# Aim command solenoids?



## Dr Dean (Nov 4, 2013)

I have something I am wanting to try but don't want to spend big bucks for new or reman solenoid assemblies. I need to find enough to make 7 usable solenoids. If you have any laying around I'd like to hear from you PM me your number please.


----------



## mlappin (Jun 25, 2009)

The price of solenoids is ridiculous isn't it? We had one on the bean head go out to control motor speed, $500 for this pissy little solenoid, I managed to get it apart and solder a new lead on the windings. Just worked on a grain dryer, was cheaper to buy the whole gas valve than just the solenoid&#8230;and people wonder why the landfills are filling so fast.

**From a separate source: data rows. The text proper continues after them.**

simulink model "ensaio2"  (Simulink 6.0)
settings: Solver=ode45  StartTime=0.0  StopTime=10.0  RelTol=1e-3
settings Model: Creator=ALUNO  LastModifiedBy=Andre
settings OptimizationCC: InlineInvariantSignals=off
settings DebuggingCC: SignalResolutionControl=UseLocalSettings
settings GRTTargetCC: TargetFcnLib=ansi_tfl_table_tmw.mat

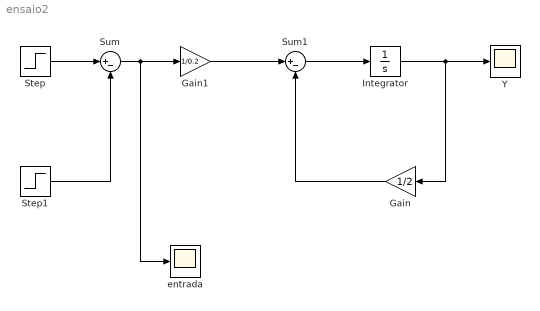
== system ensaio2 ==
  Gain : Gain  Orientation=left  Gain=1/2
  Gain1 : Gain  Gain=1/0.2
  Integrator : Integrator
  Step : Step  Time=0  Before=1  SampleTime=0
  Step1 : Step  SampleTime=0
  Sum : Sum  Inputs=|+-
  Sum1 : Sum  Inputs=|+-
  Y : Scope
  entrada : Scope
  wires:
  Step/1 -> Sum/1
  Sum/1 -> Gain1/1, entrada/1
  Gain1/1 -> Sum1/1
  Sum1/1 -> Integrator/1
  Gain/1 -> Sum1/2
  Integrator/1 -> Y/1, Gain/1
  Step1/1 -> Sum/2

Maybe try Ebay as well as Craigslist?

If using Craigslist use Searchtempest, it will search ALL of craigslist within a certain distance of you instead of just one city.


----------



## Dr Dean (Nov 4, 2013)

Well after a lot of consideration I have decided to go a more conventional route. Since all of my hay ground is head lands around fields my spray rig is really an overgrown yard sprayer. It's a 15 foot boom mounted on my Rhino that I have made 3 sections on. Now here is the overkill it's controlled by an EZ Guide 500 and EZ Boom. I am still working on getting my hands on a flow meter so it can control rate. I am the precision ag guy at work and it drives me nuts not being able to see exactly how much I am applying so in the interest of my sanity it will have rate and section control before next spring. It still would be cool to shut off each nozzle by GPS though.


----------